- _TASK REQUIREMENTS_:
Which lines of the records contain the word "Autodesk"? Copy each one.

Collected data
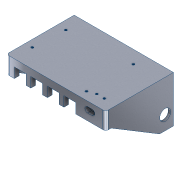
# Autodesk Inventor part: Base2
Saved by Autodesk Inventor 2020 (Build 240168000, 168)
## iProperties
Created: 2019-11-12
Part Number: Base2
Material: Generic
Document SubType Name: Modeling
Designer: Alex
Density: 1 g/cm^3
Appearance: Default
Author: Alex
Autodesk Inventor part; units mm, degrees
ref_plane "YZ Plane" through (0, 0, 0) normal (1, 0, 0) x (0, 1, 0)
ref_plane "XZ Plane" through (0, 0, 0) normal (0, 1, 0) x (-1, 0, 0)
ref_plane "XY Plane" through (0, 0, 0) normal (0, 0, 1) x (1, 0, 0)
ref_plane "Work Plane1" through (-47.911, 13.5701, 78.0288) normal (0, 0, 1) x (1, 0, 0)
sketch "Sketch1" plane through (0, 0, 0) normal (0, 0, 1) x (1, 0, 0)
  line L0 (-52.3875, -33.2867) -> (52.3875, -33.2867) projected
  arc A0 (52.3875, -33.2867) -> (57.15, -28.5242) centre (52.3875, -28.5242) ccw projected
  line L1 (57.15, -28.5242) -> (57.15, 33.2867) projected
  line L2 (57.15, 33.2867) -> (-57.15, 33.2867) projected
  line L3 (-57.15, 33.2867) -> (-57.15, -28.5242) projected
  arc A1 (-57.15, -28.5242) -> (-52.3875, -33.2867) centre (-52.3875, -28.5242) ccw projected
  circle A2 centre (52.3875, -28.5242) radius 1.524 construction
  circle A3 centre (52.3875, 28.5242) radius 1.524 construction
  circle A4 centre (-52.3875, 28.5242) radius 1.524 construction
  circle A5 centre (-52.3875, -28.5242) radius 1.524 construction
  circle A6 centre (52.3875, -28.5242) radius 1.1303
  circle A7 centre (52.3875, 28.5242) radius 1.1303
  circle A8 centre (-52.3875, 28.5242) radius 1.1303
  circle A9 centre (-52.3875, -28.5242) radius 1.1303
  line L4 (49.5554, 30.6197) -> (49.5554, -30.6197) projected
  line L5 (49.5554, -30.6197) -> (-49.5554, -30.6197) projected
  line L6 (-49.5554, -30.6197) -> (-49.5554, 30.6197) projected
  line L7 (-49.5554, 30.6197) -> (49.5554, 30.6197) projected
  line L8 (49.5554, 30.6197) -> (54.483, 30.6197)
  line L9 (54.483, 30.6197) -> (54.483, -30.6197)
  line L10 (54.483, -30.6197) -> (49.5554, -30.6197)
  line L11 (49.5554, -30.6197) -> (49.5554, 30.6197)
  line L12 (-49.5554, -30.6197) -> (-54.483, -30.6197)
  line L13 (-54.483, -30.6197) -> (-54.483, 30.6197)
  line L14 (-54.483, 30.6197) -> (-49.5554, 30.6197)
  line L15 (-49.5554, 30.6197) -> (-49.5554, -30.6197)
  point P0 (0, 0)
  dimension "d0" = 2.2606
  dimension "d16" = 2.667
  dimension "d17" = 2.667
  dimension "d18" = 2.667
  constraints: 16 end point, 4 centre point, 4 coincident, 4 parallel, 3 equal radius, 2 horizontal, 2 perpendicular
  measures "d0" diameter of A6
  measures "d16" distance between parallel lines of L2 L7
  measures "d17" distance between parallel lines of L1 L9
  measures "d18" distance between parallel lines of L3 L13
extrude "Extrusion1" add sketch "Sketch1" along normal up to surface (78.0288 mm away) contours A1 L3 L2 L1 A0 L0
sketch "Sketch2" plane through (-57.15, -28.5242, 0) normal (-1, 0, 0) x (0, 0, 1)
  line L0 (0, -4.7625) -> (78.0288, -4.7625) projected
  line L1 (78.0288, -4.7625) -> (78.0288, 42.0943)
  line L2 (78.0288, 42.0943) -> (71.6788, 42.0943)
  line L3 (71.6788, 42.0943) -> (15.875, 8.3693)
  line L4 (15.875, 8.3693) -> (0, 8.3693)
  line L5 (0, 8.3693) -> (0, -4.7625)
  point P0 (0, 28.5242)
  point P1 (-2.54, -1.5875)
  point P2 (-13.6652, 8.3693)
  dimension "d3" = 6.35
  dimension "d4" = 15.875
  constraints: 10 end point, 2 perpendicular, 1 horizontal alignment, 1 parallel, 1 vertical, 3 other
  measures "d3" distance of L1.end L2.end
  measures "d4" distance of L3.end L4.end
extrude "Extrusion2" cut sketch "Sketch2" against normal through all
sketch "Sketch3" plane through (-57.15, 33.2867, 78.0288) normal (0, 0, 1) x (1, 0, 0)
  line L0 (47.339, -8.2866) -> (60.547, -8.2866) projected
  line L1 (60.547, -8.2866) -> (60.547, -19.7166) projected
  line L2 (60.547, -19.7166) -> (47.339, -19.7166) construction
  line L3 (47.339, -19.7166) -> (47.339, -8.2866) projected
  line L4 (66.389, -8.2866) -> (79.597, -8.2866) projected
  line L5 (79.597, -8.2866) -> (79.597, -19.7166) projected
  line L6 (79.597, -19.7166) -> (66.389, -19.7166) construction
  line L7 (66.389, -19.7166) -> (66.389, -8.2866) projected
  line L8 (28.289, -8.2866) -> (41.497, -8.2866) projected
  line L9 (41.497, -8.2866) -> (41.497, -19.7166) projected
  line L10 (41.497, -19.7166) -> (28.289, -19.7166) construction
  line L11 (28.289, -19.7166) -> (28.289, -8.2866) projected
  line L12 (9.239, -8.2866) -> (22.447, -8.2866) projected
  line L13 (22.447, -8.2866) -> (22.447, -19.7166) projected
  line L14 (22.447, -19.7166) -> (9.239, -19.7166) construction
  line L15 (9.239, -19.7166) -> (9.239, -8.2866) projected
  line L16 (99.1941, -9.8795) -> (99.3441, -9.8795) construction
  arc A0 (99.3441, -9.8795) -> (99.8441, -9.3795) centre (99.3441, -9.3795) ccw construction
  line L17 (99.8441, -9.3795) -> (99.8441, -9.2545) construction
  line L18 (99.5441, -8.7545) -> (99.5441, -8.5623) construction
  arc A1 (99.8441, -8.5623) -> (99.6976, -8.2088) centre (99.3441, -8.5623) ccw construction
  line L19 (99.6976, -8.2088) -> (99.0648, -7.5759) construction
  arc A2 (99.0648, -7.5759) -> (98.7113, -7.4295) centre (98.7113, -7.9295) ccw construction
  line L20 (98.7113, -7.4295) -> (98.6941, -7.4295) construction
  line L21 (98.7113, -7.7295) -> (98.6941, -7.7295) construction
  arc A3 (98.8527, -7.7881) -> (98.7113, -7.7295) centre (98.7113, -7.9295) ccw construction
  line L22 (99.4855, -8.4209) -> (98.8527, -7.7881) construction
  arc A4 (99.5441, -8.5623) -> (99.4855, -8.4209) centre (99.3441, -8.5623) ccw construction
  line L23 (92.6441, -8.5623) -> (92.6441, -8.7545) construction
  arc A5 (92.7027, -8.4209) -> (92.6441, -8.5623) centre (92.8441, -8.5623) ccw construction
  line L24 (93.3355, -7.7881) -> (92.7027, -8.4209) construction
  arc A6 (93.4769, -7.7295) -> (93.3355, -7.7881) centre (93.4769, -7.9295) ccw construction
  line L25 (93.4941, -7.7295) -> (93.4769, -7.7295) construction
  line L26 (93.4941, -7.4295) -> (93.4769, -7.4295) construction
  arc A7 (93.4769, -7.4295) -> (93.1234, -7.5759) centre (93.4769, -7.9295) ccw construction
  line L27 (93.1234, -7.5759) -> (92.4905, -8.2088) construction
  arc A8 (92.4905, -8.2088) -> (92.3441, -8.5623) centre (92.8441, -8.5623) ccw construction
  line L28 (92.3441, -8.5623) -> (92.3441, -8.7545) construction
  line L29 (92.3441, -9.2545) -> (92.3441, -9.3795) construction
  arc A9 (92.3441, -9.3795) -> (92.8441, -9.8795) centre (92.8441, -9.3795) ccw construction
  line L30 (92.8441, -9.8795) -> (92.9941, -9.8795) construction
  line L31 (111.633, -2.667) -> (2.667, -2.667) projected
  line L32 (2.667, -19.7166) -> (9.239, -19.7166)
  line L33 (22.447, -19.7166) -> (28.289, -19.7166)
  line L34 (41.497, -19.7166) -> (47.339, -19.7166)
  line L35 (60.547, -19.7166) -> (66.389, -19.7166)
  line L36 (79.597, -19.7166) -> (111.633, -19.7166)
  line L37 (99.8441, -8.5623) -> (99.8441, -9.2545) construction
  line L38 (99.1941, -9.8795) -> (92.9941, -9.8795) construction
  line L39 (98.6941, -7.4295) -> (93.4769, -7.4295) construction
  line L40 (92.3441, -8.7545) -> (92.3441, -9.2545) construction
  line L41 (99.9711, -9.2545) -> (99.9711, -9.3795)
  arc A10 (99.3441, -10.0065) -> (99.9711, -9.3795) centre (99.3441, -9.3795) ccw
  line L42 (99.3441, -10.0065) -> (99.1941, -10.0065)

- _SOLVED PROBLEM_:
# Autodesk Inventor part: Base2
Saved by Autodesk Inventor 2020 (Build 240168000, 168)
Autodesk Inventor part; units mm, degrees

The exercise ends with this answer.